The protein carrier of vitamin A is similar to that of copper-carrying protein, ceruloplasmin, and both are stored predominantly in the liver. It has been observed that there may be inverse relationship between the vitamin and the metal. This indicates that there may be some reciprocating interplay between vitamin A and copper in their metabolism and mode of action.
Essay # 7. Deficiency of Vitamin A:
i. General Growth:
Failure of growth.
ii. Eye:
a. Night-Blindness (Nyctalopia):
The rhodopsin or visual purple is chromoprotein containing the carotenoid pigment retinene which is same as vitamin A aldehyde or retinal as a prosthetic group and a protein opsin. It is present in the outer limbs of the rods only. When exposed to light rhodopsin is split up into the yellow compound retinene and colourless protein opsin.
The retinene is actually retinene1 (vitamin A1 aldehyde). Under the influence of light, rhodopsin is converted to orange-red compound lumirhodopsin which becomes changed to metarhodopsin, ultimately forming a yellow mixture of trans-retinene and opsin.
In vitro, transretinene is converted to cis-retinene on exposure to blue light. But in the eye, transretinene is rapidly converted to trans-vitamin A by retinene reductase and NADH. In dim light during the process of resynthesis of rhodopsin active cis-vitamin A enters the retina from blood and is oxidized to cis-retinene by retinene reductase and NAD.
This cis-retinene couples with opsin to give rhodopsin (Fig. 11.1). Degree of vitamin A deficiency can be measured by the delay in dark adaptation.
b. Degeneration of lachrymal glands.
c. Redness, abnormally dry and lusterless condition of the eye-ball (Xerophthalmia) (Fig. 11.2) with consequent keratinization and degeneration of cornea (Keratomalacia).
iii. Epithelial Tissues:
a. Skin:
Thickening and keratinisation, follicular and popular eruptions (Phrynoderma or Toad skin), sebaceous and sweat glands degenerate.
b. Alimentary Tract:
The glands present in the alimentary tract and the epithelial linings degenerate.
c. Kidney and Urinary Tract:
Epithelium degenerates and becomes cornified, hence favours formation of renal stone.
d. Respiratory Passages:
The Epithelium becomes stratified and degenerates.
e. Cornea:
Mentioned above.
These degenerative changes of the epithelial tissues decrease the resistance of the local cells, hence infection in these regions easily takes place. For this reason vitamin A is called anti-infective vitamin.
iv. Nervous System:
Degeneration of the nervous system specially affecting the afferent tracts (resembles subacute combined degeneration).
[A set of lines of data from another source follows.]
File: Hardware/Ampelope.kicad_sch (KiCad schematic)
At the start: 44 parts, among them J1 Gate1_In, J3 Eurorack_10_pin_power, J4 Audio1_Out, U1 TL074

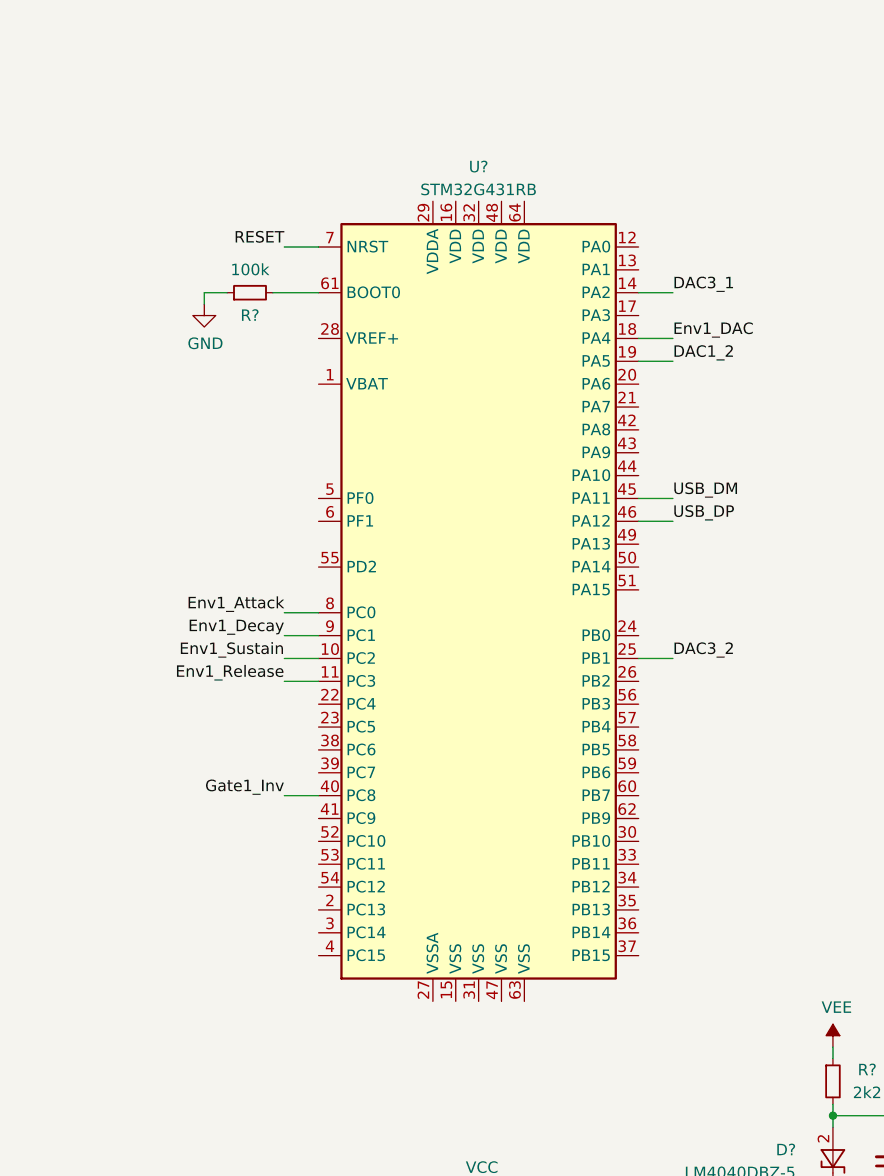
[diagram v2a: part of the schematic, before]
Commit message: Added power supply components to schematic
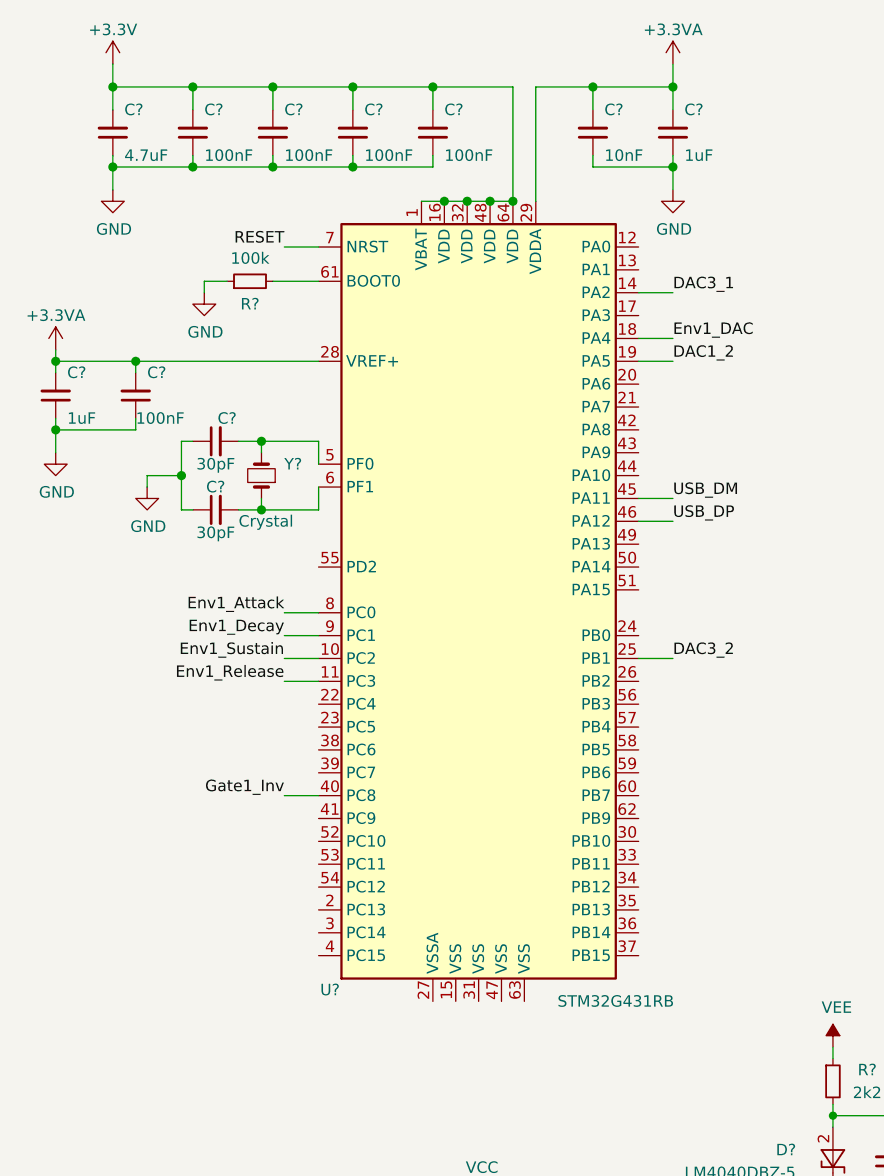
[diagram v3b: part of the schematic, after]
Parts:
- added C? (x5): 100nF, symbol Device:C_Small
- added C? (x2): 1uF, symbol Device:C_Small
- added C? (x2): 30pF, symbol Device:C_Small
- added C?: 10nF, symbol Device:C_Small
- added C?: 4.7uF, symbol Device:C_Small
- added Y?: Crystal, symbol Device:Crystal_Small
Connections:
- net +3.3VA: now also U?.28 (VREF+), U?.29 (VDDA), C?.2, C?.2, C?.2, C?.2
- net +3V3: now also U?.1 (VBAT), U?.16 (VDD), U?.32 (VDD), U?.48 (VDD), U?.64 (VDD), C?.2, C?.2, C?.2, C?.2, C?.2
- net GND: now also C?.1, C?.1, C?.1, C?.1, C?.1, C?.1, C?.1, C?.1, C?.1, C?.1, C?.1
- net at U?.5 (PF0): now also C?.2, Y?.2
- net at U?.6 (PF1): now also C?.2, Y?.1
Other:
- moved on the sheet: R?

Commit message: Duplicated IO for all four envelopes/VCAs
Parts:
- removed C?: 100nF, Capacitors_SMD:C_0603_HandSoldering, symbol Device:C_Small
- removed D?: LM4040DBZ-5, TO_SOT_Packages_SMD:SOT-23, symbol Reference_Voltage:LM4040DBZ-10
- removed J?: Audio1_In, Custom_Footprints:THONKICONN_hole, symbol thonkiconn:AudioJack2_Ground_Switch
- removed R? (x2): 10k, Resistors_SMD:R_0603_HandSoldering, symbol Device:R_Small
- removed R?: 2k2, Resistors_SMD:R_0603_HandSoldering, symbol Device:R_Small
- removed unit 1 of U1
- added C? (x3): 100pF, symbol Device:C_Small
- added D? (x3): LED, symbol Device:LED
- added J?: Audio1_In, Custom_Footprints:THONKICONN_hole, symbol thonkiconn:AudioJack2_Ground_Switch
- added J?: Audio2_In, Custom_Footprints:THONKICONN_hole, symbol thonkiconn:AudioJack2_Ground_Switch
- added J?: Audio4_Out, Custom_Footprints:THONKICONN_hole, symbol thonkiconn:AudioJack2_Ground_Switch
- added J?: Env3_Out, Custom_Footprints:THONKICONN_hole, symbol thonkiconn:AudioJack2_Ground_Switch
- added J?: Gate4_In, Custom_Footprints:THONKICONN_hole, symbol thonkiconn:AudioJack2_Ground_Switch
- added J?: Audio4_In, Custom_Footprints:THONKICONN_hole, symbol thonkiconn:AudioJack2_Ground_Switch
- added J?: Audio3_In, Custom_Footprints:THONKICONN_hole, symbol thonkiconn:AudioJack2_Ground_Switch
- added J?: Gate2_In, Custom_Footprints:THONKICONN_hole, symbol thonkiconn:AudioJack2_Ground_Switch
- added J?: Audio3_Out, Custom_Footprints:THONKICONN_hole, symbol thonkiconn:AudioJack2_Ground_Switch
- added J?: Env4_Out, Custom_Footprints:THONKICONN_hole, symbol thonkiconn:AudioJack2_Ground_Switch
- added J?: Env2_Out, Custom_Footprints:THONKICONN_hole, symbol thonkiconn:AudioJack2_Ground_Switch
- added J?: Audio2_Out, Custom_Footprints:THONKICONN_hole, symbol thonkiconn:AudioJack2_Ground_Switch
- added J?: Gate3_In, Custom_Footprints:THONKICONN_hole, symbol thonkiconn:AudioJack2_Ground_Switch
- added Q? (x3): 2N3904, Package_TO_SOT_THT:TO-92_Inline, symbol Transistor_BJT:2N3904
- added R? (x10): 1k, Resistors_SMD:R_0603_HandSoldering, symbol Device:R_Small
- added R? (x8): 10k, Resistors_SMD:R_0603_HandSoldering, symbol Device:R_Small
- added R? (x3): 30k, Resistors_SMD:R_0603_HandSoldering, symbol Device:R_Small
- added R? (x3): 75k, Resistors_SMD:R_0603_HandSoldering, symbol Device:R
- added R? (x3): 1k, Resistors_SMD:R_0603_HandSoldering, symbol Device:R
- added R? (x3): 20k, Resistors_SMD:R_0603_HandSoldering, symbol Device:R
- added R? (x3): 47k, Resistors_SMD:R_0603_HandSoldering, symbol Device:R
- added SW?: SW_SP3T, symbol Switch:SW_SP3T
- added U? (x12): TL074, Package_SO:SOIC-14_3.9x8.7mm_P1.27mm, symbol Amplifier_Operational:TL074
- J?: value Audio1_Out -> Env1_Out
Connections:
- net +3V3: now also R?.2, R?.2, R?.2
- net Audio1_In_Buff: now also R?.1, U?.1
- net Audio1_VCA: now also U1.2 (-); no longer U1.6 (-)
- net Audio2_In_Buff: now also R?.1, U?.7
- net Audio2_VCA: now also C?.1, R?.2, U?.6 (-)
- net Audio3_In_Buff: now also R?.1, U?.8
- net Audio3_VCA: now also C?.1, R?.2, U?.9 (-)
- net Audio4_In_Buff: now also R?.1, U?.14
- net Audio4_VCA: now also C?.1, R?.2, U?.13 (-)
- net DAC1_2: no longer U?.19 (PA5)
- net DAC3_1: no longer U?.14 (PA2)
- net DAC3_2: no longer U?.25 (PB1)
- net GND: now also U1.3 (+), U1.3 (+), U?.15 (VSS), U?.27 (VSSA), U?.31 (VSS), U?.47 (VSS), U?.63 (VSS), J?.1, J?.1, J?.1, J?.1, J?.1, J?.1, J?.1, J?.1, J?.1, J?.1, J?.1, J?.1, J?.1, J?.2, J?.2, J?.2, J?.2, J?.3, J?.3, J?.3, J?.3, Q?.1 (E), Q?.1 (E), Q?.1 (E), R?.2, R?.2, R?.2, R?.2, R?.2, R?.2, R?.2, U?.10 (+), U?.10 (+), U?.10 (+), U?.12 (+), U?.12 (+), U?.12 (+), U?.3 (+), U?.5 (+), U?.5 (+), U?.5 (+); no longer U1.10 (+), U1.5 (+)
- net VCC: now also U?.4 (V+), U?.4 (V+)
- net VEE: now also R?.2, R?.2, R?.2, U?.11 (V-), U?.11 (V-)
- net Gate1: now reaches J1.3, R?.1
- net Gate1: now also J?.2
- net at D?.2 (A), J?.3, R?.1: now also U1.1; no longer U1.8
- net at R?.1, R?.1, R?.2: now also U1.2 (-); no longer U1.9 (-)
- net at C?.2, R?.1: now also U1.1, R?.2; no longer J4.3, U1.7
- new net: Q?.2 (B), R?.2 (x3)
- new net: J?.3, R?.1 (x4)
- new net: C?.2, R?.1, R?.2, U?.8
- new net: R?.1, R?.2, U?.6 (-)
- new net: R?.1, R?.2, U?.2 (-)
- new net: R?.1, R?.2, U?.9 (-)
- new net: R?.1, R?.2, U?.13 (-)
- new net: D?.2 (A), J?.3, R?.1, U?.8
- new net: R?.1, R?.1, R?.2, U?.13 (-)
- new net: D?.2 (A), J?.3, R?.1, U?.14
- new net: D?.1 (K), R?.1 (x3)
- new net: R?.1, R?.1, R?.2, U?.9 (-)
- new net: C?.2, R?.1, R?.2, U?.7
- new net: D?.2 (A), J?.3, R?.1, U?.7
- new net: R?.1, R?.1, R?.2, U?.6 (-)
- new net: C?.2, R?.1, R?.2, U?.14
- new net: J4.3, R?.1
- new net Env2_DAC: R?.2, U?.19 (PA5)
- new net Env3_DAC: R?.2, U?.14 (PA2)
- new net Env4_DAC: R?.2, U?.25 (PB1)
- new net Gate2: J?.2, J?.3, R?.1
- new net Gate2_Inv: Q?.3 (C), R?.1
- new net Gate3: J?.2, J?.3, R?.1
- new net Gate3_Inv: Q?.3 (C), R?.1
- new net Gate4_Inv: Q?.3 (C), R?.1
- no-connect marks 4 -> 10
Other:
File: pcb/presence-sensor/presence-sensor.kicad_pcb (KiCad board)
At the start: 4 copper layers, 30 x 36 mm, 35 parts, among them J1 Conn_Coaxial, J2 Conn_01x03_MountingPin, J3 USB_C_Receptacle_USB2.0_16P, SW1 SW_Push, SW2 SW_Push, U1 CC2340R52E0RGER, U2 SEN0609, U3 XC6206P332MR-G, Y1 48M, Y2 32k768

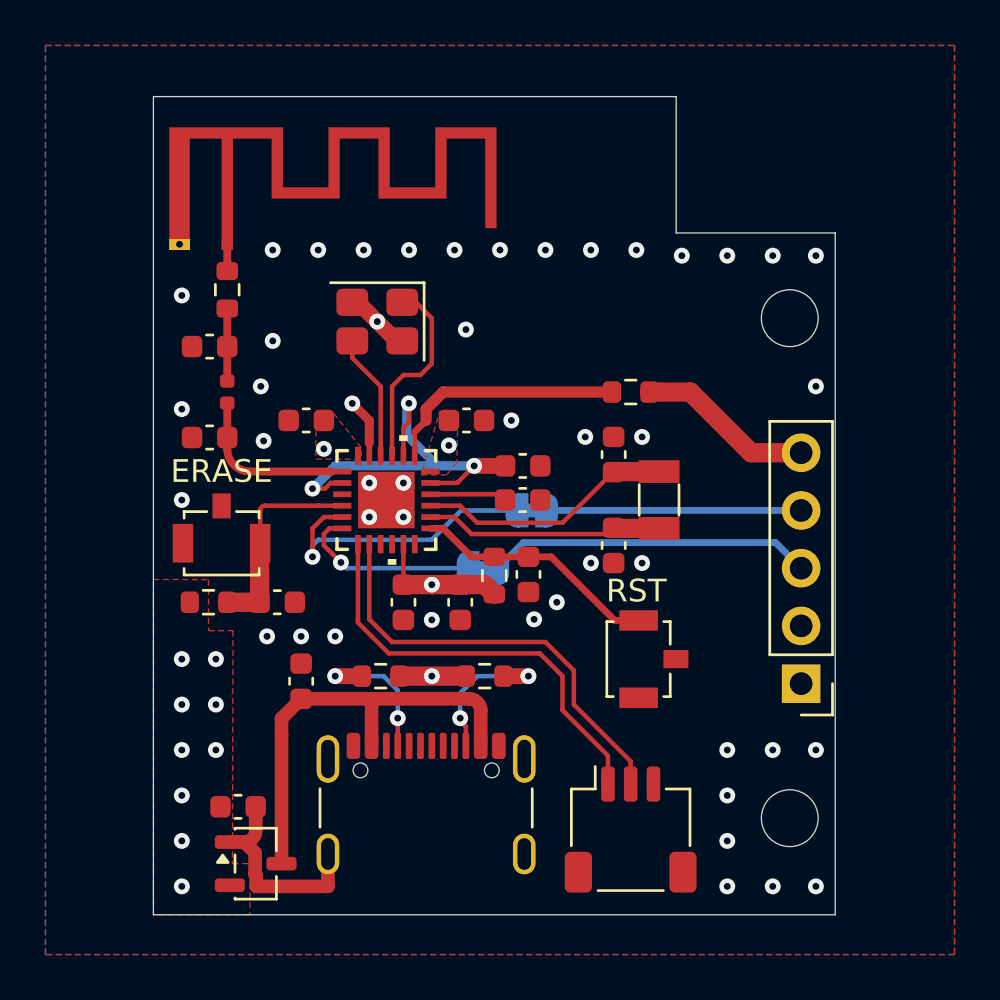
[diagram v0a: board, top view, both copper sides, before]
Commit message: rework VDDR and ERASE button
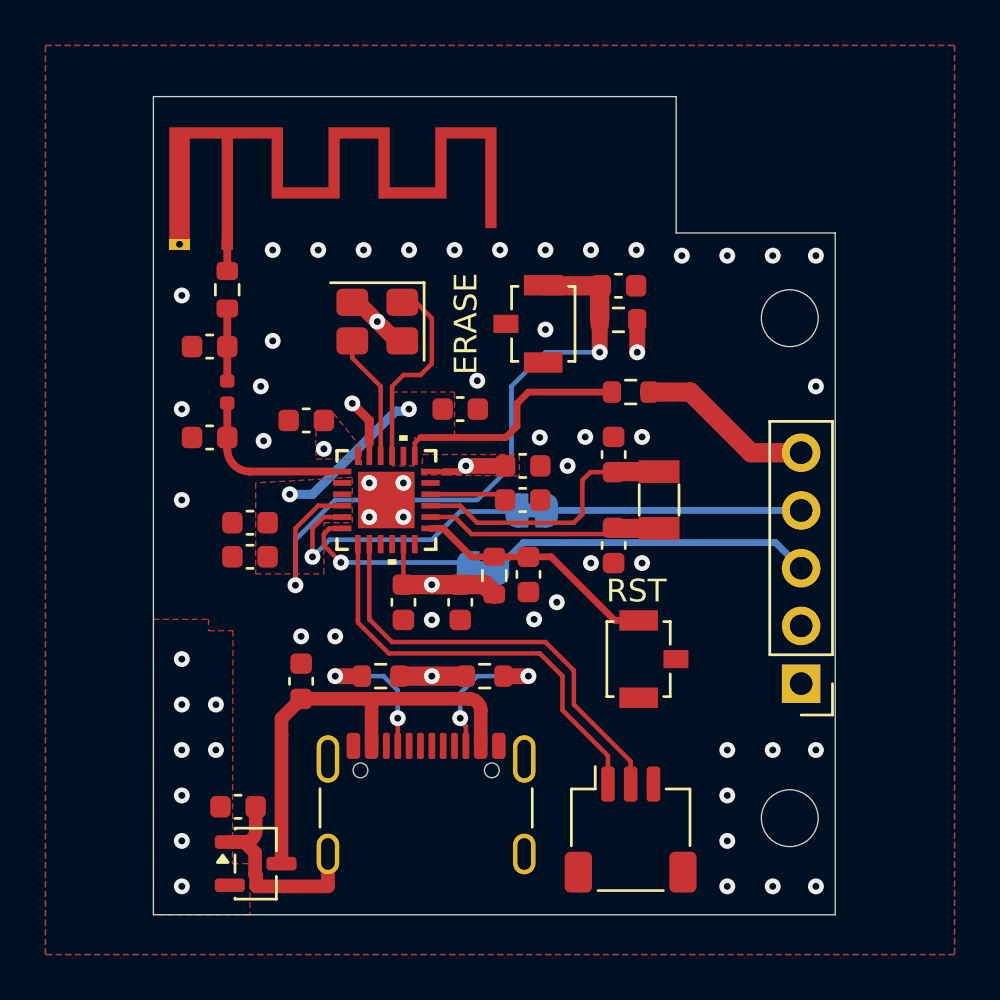
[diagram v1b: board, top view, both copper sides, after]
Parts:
- added C5: 0u1, Capacitor_SMD:C_0603_1608Metric, F.Cu at (143.2, 100.8)
- added C6: 0u1, Capacitor_SMD:C_0603_1608Metric, F.Cu at (152.5, 95.8)
- J2: value Conn_01x03_MountingPin -> RPI_DEBUG_PROBE
- moved R5 21.9 mm to (159.5, 91.8), turned to 0 degrees
- moved C17 20.5 mm to (159.5, 90.3)
- moved SW2 16.0 mm to (155.3, 92.0), turned to -90 degrees
- moved C10 12.6 mm to (143.2, 102.2), turned to 180 degrees
- moved C3 3.18 mm to (155.2, 98.2)
- turned C7 to 0 degrees
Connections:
- net Net-(J2-Pin_1) renamed /SWDIO
- net Net-(J2-Pin_2) renamed /SWCLK
- C10 pad 1: /+VDDR -> +VDDR
- C7 pad 1: GND -> +VDDD
- C7 pad 2: Net-(U1-VDDD) -> GND
- U1 pad 16: Net-(U1-VDDD) -> +VDDD
- U1 pad 17: /+VDDR -> unconnected-(U1-DCDC-Pad17)
- U1 pad 2: /+VDDR -> +VDDR
- U1 pad 20: /+VDDR -> +VDDR
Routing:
- net /ERASE: track 9.20 -> 31.3 mm, vias 0 -> 2
- net /+VDDR: track 18.3 -> 0.00 mm, vias 3 -> 0
- net +VDDR: track 0.00 -> 6.79 mm, vias 0 -> 2
- net +3V3: track 5.96 -> 10.8 mm
- net Net-(U1-VDDD): track 3.39 -> 0.00 mm
- net +VDDD: track 0.00 -> 3.39 mm
- net Net-(U1-DIO4_X32N): track 11.3 -> 12.2 mm
- net GND: vias 47 -> 48
- added copper zone on F.Cu, net +VDDR

Retina also shows degenerative changes.
v. Bones:
Abnormal bone growth in certain parts of vertebral column and skull. It is believed that effects on nervous system are partly due to the abnormal type of growth giving pressure effect on nerves.
vi. Reproduction:
In rats reproduction becomes defective. Interferes with the normal process of ovulation although it is not proved in man.
International Unit:
Equivalent to the activity of 0.6 micro-gram of carotene (same as 0.344 micro-gram of pure preparation of vitamin A1 acetate).
Daily Requirement:
5,000 i.u. for adults. For growing children and during puberty, lactation and pregnancy—6,000-8,000 i.u.
Hypervitaminosis A:
In growing rats large doses (4,000 units per day) cause:
i. Loss of weight.
ii. Atrophy of skin.
iii. Loss of hair.
iv. Ulcerations in the eyes.
v. Haemorrhage.
vi. Decalcification of bones with spontaneous fracture.
vii. Lowering of plasma prothrombin.
viii. Reduction of ascorbic acid content of the tissues.
Administration of vitamins K and C prevents these changes of hypervitaminosis A. Effects in man include drowsiness, sluggishness, severe headache, vomiting and peeling of skin of mouth and elsewhere.
Vitamin Interrelationship:
The haemorrhagic manifestations associated with hypervitaminosis may be prevented by simultaneous administration of vitamin K. The effect may be due to interference with bacterial synthesis of vitamin K in the intestine. The antioxidant action of tocopherols is probably responsible for its sparing action on vitamin A and carotene. This protective effect of vitamin E is enhanced by other antioxidants, e.g., ascorbic acid, etc.